▸ **Work required**:
Look through the entries below and extract exactly the lines from the one containing "#21=DIRECTION('',(0.,0.,-1.));" through the one containing "#28=CIRCLE('',#27,0.999999999999999);", ends included.
-- Entries supplied follows --
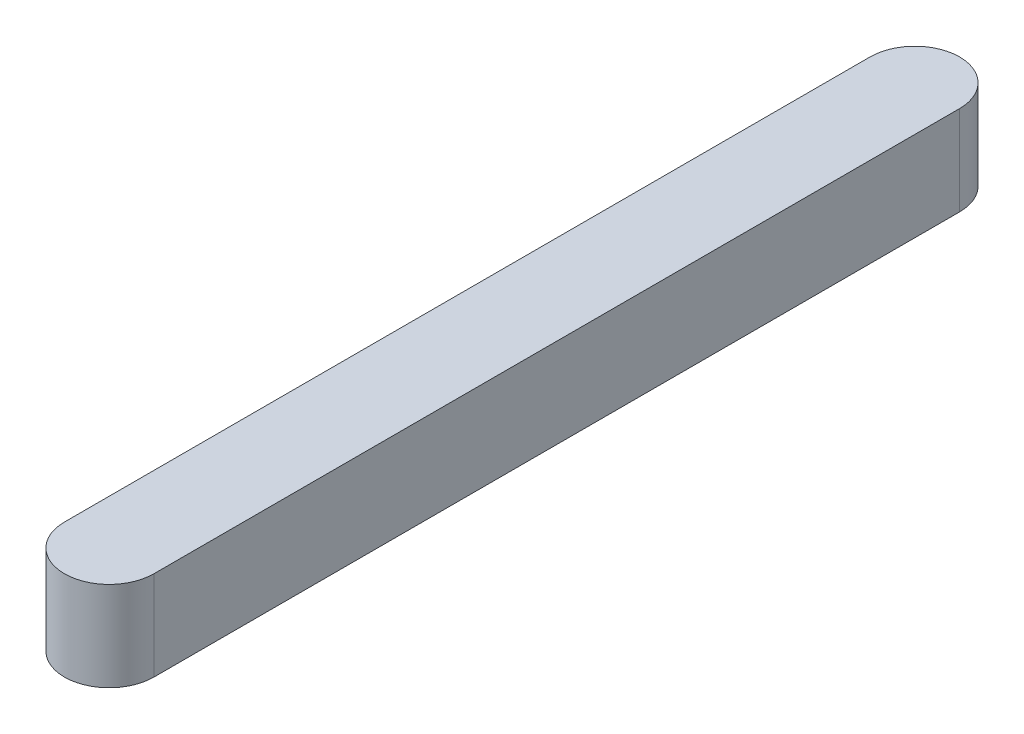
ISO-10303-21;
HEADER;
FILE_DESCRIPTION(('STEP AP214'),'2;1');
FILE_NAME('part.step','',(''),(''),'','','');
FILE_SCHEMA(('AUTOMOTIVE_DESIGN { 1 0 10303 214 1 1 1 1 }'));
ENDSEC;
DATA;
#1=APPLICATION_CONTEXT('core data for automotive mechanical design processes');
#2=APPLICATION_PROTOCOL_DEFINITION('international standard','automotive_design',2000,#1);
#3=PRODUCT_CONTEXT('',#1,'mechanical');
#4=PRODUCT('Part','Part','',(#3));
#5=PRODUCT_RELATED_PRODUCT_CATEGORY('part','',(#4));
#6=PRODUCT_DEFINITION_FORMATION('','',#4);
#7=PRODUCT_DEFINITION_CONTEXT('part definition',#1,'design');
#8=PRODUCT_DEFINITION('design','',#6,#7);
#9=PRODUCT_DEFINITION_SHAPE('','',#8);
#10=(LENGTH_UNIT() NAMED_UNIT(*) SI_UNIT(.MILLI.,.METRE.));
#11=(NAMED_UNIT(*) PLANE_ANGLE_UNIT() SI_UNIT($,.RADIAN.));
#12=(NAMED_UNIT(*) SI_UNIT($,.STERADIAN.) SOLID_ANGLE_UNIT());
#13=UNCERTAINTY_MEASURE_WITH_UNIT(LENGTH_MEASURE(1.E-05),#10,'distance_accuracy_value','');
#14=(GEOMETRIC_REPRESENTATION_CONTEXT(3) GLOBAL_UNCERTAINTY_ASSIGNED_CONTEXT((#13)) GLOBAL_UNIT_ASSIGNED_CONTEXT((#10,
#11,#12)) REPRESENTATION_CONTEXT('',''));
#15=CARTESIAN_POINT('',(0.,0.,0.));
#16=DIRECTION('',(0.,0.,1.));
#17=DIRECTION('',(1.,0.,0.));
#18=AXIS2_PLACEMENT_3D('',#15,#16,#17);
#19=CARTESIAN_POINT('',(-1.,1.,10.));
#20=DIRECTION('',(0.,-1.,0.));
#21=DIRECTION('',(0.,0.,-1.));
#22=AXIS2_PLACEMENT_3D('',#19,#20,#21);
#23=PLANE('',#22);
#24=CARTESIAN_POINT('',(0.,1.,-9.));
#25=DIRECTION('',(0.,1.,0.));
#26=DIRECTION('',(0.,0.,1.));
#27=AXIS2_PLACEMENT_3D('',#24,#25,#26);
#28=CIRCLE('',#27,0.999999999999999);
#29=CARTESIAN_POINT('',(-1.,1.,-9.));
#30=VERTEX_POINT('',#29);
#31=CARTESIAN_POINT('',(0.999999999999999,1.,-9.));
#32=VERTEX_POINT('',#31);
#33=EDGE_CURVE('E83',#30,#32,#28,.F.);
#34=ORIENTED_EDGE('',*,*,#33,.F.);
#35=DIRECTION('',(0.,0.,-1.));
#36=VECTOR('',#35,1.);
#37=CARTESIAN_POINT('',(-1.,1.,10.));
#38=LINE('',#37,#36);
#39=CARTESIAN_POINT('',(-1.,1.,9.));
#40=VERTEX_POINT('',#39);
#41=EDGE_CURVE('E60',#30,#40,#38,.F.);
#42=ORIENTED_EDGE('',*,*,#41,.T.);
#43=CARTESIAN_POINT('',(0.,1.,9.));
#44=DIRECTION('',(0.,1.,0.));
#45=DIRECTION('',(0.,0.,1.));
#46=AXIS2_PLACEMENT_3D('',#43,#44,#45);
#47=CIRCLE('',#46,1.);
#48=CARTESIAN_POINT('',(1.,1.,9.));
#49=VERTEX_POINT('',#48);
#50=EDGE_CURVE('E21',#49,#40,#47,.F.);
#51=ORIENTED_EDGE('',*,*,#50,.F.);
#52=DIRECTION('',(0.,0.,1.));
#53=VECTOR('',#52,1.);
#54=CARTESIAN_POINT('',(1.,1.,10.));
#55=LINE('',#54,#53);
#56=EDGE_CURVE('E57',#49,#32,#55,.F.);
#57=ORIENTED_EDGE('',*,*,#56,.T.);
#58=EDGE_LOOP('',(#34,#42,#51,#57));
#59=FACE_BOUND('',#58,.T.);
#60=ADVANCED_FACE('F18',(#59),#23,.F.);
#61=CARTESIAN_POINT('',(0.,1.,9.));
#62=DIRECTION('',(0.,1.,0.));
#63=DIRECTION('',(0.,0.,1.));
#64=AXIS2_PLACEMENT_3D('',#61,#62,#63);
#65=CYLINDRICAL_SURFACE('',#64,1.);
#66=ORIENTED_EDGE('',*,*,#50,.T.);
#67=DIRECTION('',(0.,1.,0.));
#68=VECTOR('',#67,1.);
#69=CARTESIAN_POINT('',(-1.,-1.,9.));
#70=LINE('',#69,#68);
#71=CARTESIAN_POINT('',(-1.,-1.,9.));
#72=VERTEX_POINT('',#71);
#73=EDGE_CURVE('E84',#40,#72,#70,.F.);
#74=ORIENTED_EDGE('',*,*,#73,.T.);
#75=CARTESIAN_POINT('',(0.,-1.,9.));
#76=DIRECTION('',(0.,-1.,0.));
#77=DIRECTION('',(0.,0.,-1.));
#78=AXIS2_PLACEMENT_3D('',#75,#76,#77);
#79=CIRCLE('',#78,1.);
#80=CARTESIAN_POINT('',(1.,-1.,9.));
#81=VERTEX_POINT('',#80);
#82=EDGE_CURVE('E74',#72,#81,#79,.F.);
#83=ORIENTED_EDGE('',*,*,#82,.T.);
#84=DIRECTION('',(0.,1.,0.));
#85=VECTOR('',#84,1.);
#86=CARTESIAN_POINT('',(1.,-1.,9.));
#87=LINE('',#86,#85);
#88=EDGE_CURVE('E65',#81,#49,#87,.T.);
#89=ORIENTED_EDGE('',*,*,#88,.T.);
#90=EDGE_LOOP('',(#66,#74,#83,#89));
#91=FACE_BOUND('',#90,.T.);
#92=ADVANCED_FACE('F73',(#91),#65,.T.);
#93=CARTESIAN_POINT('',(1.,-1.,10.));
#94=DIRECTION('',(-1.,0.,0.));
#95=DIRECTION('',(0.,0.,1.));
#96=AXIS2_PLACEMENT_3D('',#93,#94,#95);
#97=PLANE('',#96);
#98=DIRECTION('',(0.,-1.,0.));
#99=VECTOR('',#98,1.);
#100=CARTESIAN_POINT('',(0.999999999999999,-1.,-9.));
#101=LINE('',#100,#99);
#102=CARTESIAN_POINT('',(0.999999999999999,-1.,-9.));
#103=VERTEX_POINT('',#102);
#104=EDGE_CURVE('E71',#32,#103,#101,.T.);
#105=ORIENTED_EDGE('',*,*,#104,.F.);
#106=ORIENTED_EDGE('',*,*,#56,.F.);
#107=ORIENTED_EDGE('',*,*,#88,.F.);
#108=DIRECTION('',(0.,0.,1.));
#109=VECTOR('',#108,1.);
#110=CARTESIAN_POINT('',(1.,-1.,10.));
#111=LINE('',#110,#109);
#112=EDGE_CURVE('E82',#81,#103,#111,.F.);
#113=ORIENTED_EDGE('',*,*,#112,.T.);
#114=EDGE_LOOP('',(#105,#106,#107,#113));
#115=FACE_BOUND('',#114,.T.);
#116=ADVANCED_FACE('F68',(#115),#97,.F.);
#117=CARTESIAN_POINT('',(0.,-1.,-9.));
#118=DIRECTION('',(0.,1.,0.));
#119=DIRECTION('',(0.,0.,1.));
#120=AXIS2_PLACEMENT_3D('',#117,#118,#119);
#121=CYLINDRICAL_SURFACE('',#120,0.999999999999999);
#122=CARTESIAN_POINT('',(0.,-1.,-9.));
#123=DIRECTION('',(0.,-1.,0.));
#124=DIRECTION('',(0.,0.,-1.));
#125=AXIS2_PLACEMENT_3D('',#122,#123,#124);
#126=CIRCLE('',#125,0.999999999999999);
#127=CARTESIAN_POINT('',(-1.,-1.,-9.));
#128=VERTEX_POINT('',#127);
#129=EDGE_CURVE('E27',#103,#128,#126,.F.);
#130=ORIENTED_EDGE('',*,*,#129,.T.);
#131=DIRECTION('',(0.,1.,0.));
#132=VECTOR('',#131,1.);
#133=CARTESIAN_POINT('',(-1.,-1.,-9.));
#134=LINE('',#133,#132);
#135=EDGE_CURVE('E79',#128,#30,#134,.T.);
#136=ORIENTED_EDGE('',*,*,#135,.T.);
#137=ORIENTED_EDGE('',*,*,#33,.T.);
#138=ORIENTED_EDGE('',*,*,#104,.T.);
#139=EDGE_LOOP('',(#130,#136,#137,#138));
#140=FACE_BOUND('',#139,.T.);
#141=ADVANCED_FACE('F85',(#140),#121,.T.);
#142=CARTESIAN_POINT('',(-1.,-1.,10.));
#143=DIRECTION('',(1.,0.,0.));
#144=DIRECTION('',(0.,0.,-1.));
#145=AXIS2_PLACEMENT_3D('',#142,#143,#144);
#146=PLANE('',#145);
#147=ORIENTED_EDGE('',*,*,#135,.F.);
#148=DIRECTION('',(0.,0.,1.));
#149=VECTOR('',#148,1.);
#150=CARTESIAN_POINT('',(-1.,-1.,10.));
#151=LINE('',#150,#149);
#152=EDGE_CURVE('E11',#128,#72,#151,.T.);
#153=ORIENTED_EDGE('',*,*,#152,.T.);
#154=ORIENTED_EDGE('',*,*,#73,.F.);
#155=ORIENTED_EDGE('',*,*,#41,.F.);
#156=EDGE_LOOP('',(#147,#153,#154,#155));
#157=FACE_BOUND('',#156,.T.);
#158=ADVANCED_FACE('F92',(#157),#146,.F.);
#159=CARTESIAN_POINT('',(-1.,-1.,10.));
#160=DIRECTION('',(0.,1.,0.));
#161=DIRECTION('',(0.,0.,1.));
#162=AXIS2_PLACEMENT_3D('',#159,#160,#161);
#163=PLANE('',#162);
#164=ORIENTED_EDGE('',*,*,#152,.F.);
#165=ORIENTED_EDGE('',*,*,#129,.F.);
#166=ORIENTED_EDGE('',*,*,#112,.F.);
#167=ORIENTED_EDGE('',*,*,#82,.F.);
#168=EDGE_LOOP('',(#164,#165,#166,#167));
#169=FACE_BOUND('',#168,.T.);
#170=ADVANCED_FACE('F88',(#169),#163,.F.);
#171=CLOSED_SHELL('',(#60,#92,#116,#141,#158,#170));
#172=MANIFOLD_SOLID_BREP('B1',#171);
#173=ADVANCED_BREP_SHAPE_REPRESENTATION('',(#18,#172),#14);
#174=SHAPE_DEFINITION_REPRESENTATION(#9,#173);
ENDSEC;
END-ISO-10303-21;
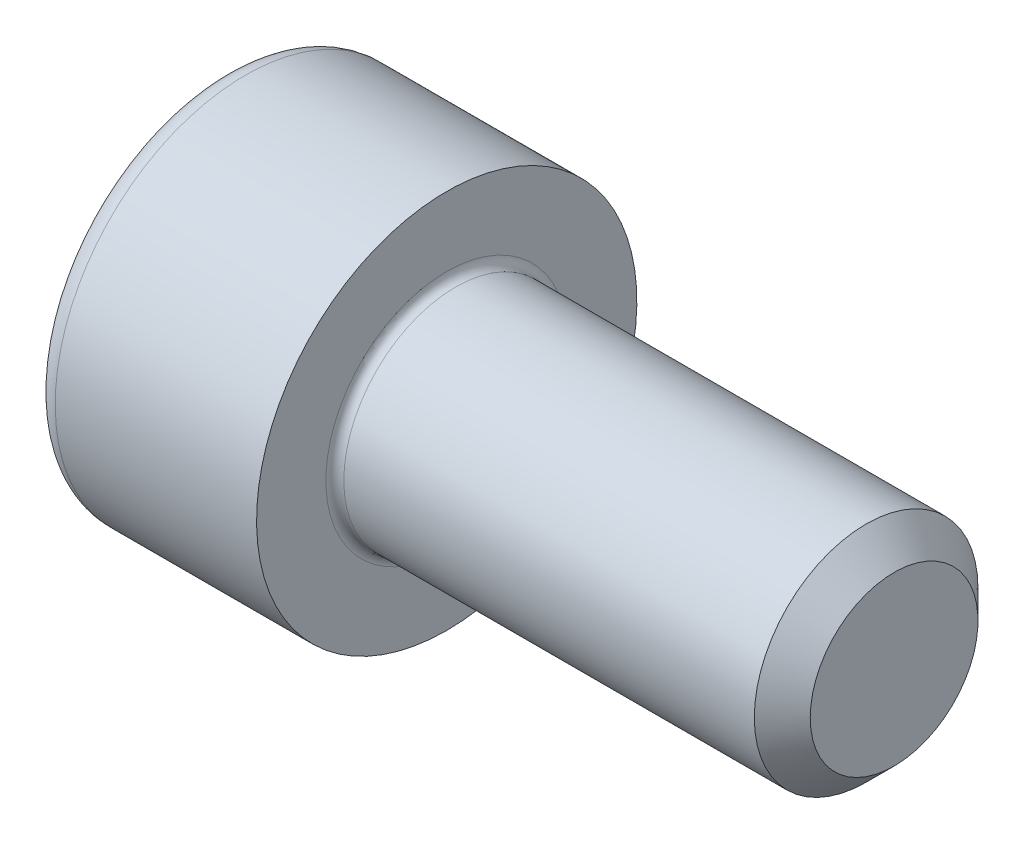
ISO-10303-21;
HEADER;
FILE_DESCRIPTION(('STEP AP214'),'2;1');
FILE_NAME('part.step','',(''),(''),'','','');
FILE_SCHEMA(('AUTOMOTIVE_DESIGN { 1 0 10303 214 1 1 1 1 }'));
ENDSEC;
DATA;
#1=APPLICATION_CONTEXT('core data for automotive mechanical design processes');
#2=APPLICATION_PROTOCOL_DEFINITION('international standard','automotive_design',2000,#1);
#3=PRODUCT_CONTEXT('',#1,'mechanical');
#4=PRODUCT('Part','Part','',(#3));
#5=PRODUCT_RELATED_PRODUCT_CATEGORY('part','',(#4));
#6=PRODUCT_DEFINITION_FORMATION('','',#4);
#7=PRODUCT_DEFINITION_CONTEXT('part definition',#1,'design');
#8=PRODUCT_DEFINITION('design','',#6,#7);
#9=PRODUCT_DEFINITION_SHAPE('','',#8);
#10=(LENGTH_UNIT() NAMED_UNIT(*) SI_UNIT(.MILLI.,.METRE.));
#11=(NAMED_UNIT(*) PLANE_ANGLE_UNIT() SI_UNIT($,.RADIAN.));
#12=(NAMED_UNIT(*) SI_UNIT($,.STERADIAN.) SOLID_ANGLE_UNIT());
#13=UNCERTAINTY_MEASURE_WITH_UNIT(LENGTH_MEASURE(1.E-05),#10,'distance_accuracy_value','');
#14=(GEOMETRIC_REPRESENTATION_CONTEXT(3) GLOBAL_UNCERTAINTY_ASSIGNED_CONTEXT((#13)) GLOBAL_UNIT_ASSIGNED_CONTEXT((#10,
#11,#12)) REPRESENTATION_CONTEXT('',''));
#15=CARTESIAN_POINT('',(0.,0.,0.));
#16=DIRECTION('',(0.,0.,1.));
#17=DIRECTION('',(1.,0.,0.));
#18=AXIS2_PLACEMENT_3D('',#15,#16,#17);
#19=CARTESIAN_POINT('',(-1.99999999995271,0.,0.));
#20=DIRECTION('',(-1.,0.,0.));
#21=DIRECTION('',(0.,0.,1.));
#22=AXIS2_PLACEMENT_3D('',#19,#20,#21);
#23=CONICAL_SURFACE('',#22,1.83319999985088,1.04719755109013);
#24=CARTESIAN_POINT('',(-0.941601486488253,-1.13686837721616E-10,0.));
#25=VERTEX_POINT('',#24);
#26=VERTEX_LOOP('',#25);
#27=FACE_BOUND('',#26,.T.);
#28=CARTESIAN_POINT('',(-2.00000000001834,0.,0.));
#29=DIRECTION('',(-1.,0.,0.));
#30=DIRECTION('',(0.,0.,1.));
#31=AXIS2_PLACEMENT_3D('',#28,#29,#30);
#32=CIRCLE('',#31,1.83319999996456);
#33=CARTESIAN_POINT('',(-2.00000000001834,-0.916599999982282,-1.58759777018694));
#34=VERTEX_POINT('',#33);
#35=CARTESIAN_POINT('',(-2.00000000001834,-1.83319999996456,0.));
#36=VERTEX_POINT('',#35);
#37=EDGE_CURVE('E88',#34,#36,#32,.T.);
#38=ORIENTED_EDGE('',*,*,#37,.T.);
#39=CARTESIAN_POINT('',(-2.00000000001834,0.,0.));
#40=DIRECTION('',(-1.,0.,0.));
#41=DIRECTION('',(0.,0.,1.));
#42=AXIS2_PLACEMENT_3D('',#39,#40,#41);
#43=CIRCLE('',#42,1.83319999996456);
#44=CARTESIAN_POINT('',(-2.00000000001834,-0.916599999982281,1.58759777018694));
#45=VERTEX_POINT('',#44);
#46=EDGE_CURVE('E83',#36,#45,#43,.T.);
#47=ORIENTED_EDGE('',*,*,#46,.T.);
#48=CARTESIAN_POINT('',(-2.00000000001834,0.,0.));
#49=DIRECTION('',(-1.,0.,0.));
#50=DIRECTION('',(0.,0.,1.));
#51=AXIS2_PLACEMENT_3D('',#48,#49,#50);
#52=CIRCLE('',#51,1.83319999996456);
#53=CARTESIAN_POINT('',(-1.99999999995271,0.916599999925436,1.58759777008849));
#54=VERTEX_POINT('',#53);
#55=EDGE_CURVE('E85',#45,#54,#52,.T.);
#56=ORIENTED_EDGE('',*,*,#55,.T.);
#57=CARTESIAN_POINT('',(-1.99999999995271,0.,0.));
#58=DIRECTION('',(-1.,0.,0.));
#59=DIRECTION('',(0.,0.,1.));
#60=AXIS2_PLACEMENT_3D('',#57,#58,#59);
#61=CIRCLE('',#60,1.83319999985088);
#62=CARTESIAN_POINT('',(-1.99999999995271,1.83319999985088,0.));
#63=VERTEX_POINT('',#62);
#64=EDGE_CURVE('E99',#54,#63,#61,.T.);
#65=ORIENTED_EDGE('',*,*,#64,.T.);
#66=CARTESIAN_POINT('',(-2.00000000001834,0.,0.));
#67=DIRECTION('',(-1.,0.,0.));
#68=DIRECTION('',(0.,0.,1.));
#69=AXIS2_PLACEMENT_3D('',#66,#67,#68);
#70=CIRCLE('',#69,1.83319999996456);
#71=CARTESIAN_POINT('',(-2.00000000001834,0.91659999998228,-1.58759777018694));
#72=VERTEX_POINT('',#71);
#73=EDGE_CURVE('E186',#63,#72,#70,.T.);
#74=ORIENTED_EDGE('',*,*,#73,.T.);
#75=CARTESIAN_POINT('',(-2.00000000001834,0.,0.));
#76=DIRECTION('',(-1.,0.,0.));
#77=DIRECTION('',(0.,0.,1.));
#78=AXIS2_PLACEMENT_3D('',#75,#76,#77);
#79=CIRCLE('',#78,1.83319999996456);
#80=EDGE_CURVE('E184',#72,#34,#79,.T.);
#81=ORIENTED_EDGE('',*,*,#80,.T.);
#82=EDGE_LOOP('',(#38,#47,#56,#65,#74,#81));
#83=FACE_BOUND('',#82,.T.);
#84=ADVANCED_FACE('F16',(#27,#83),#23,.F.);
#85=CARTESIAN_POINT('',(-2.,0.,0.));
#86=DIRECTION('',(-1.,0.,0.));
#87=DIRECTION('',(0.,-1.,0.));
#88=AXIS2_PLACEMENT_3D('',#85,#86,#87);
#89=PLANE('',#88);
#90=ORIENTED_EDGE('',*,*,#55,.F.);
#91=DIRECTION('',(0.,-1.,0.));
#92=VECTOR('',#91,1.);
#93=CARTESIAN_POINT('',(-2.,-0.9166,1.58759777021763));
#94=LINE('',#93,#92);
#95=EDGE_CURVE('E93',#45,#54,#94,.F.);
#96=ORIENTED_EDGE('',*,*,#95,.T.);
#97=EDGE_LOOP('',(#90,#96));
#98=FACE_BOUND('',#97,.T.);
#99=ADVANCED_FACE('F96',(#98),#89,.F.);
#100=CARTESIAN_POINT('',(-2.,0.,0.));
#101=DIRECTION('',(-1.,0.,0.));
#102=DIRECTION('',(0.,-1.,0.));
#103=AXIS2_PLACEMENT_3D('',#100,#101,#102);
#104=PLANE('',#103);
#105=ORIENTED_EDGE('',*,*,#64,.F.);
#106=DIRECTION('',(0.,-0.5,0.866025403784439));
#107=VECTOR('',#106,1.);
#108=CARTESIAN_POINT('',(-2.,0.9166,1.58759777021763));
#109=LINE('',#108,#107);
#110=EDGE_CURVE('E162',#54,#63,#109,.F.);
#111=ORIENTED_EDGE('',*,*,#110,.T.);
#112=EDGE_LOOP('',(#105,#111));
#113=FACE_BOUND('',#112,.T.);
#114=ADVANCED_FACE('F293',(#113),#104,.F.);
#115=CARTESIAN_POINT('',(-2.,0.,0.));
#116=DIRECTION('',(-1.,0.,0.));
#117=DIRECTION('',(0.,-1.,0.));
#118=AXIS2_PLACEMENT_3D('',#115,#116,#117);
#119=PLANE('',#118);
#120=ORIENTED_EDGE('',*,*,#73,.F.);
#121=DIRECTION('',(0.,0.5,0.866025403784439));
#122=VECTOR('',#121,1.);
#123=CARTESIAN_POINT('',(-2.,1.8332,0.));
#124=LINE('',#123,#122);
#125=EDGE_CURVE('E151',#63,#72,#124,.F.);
-- Entries supplied concluded --
▸ **Written answer**:
#21=DIRECTION('',(0.,0.,-1.));
#22=AXIS2_PLACEMENT_3D('',#19,#20,#21);
#23=PLANE('',#22);
#24=CARTESIAN_POINT('',(0.,1.,-9.));
#25=DIRECTION('',(0.,1.,0.));
#26=DIRECTION('',(0.,0.,1.));
#27=AXIS2_PLACEMENT_3D('',#24,#25,#26);
#28=CIRCLE('',#27,0.999999999999999);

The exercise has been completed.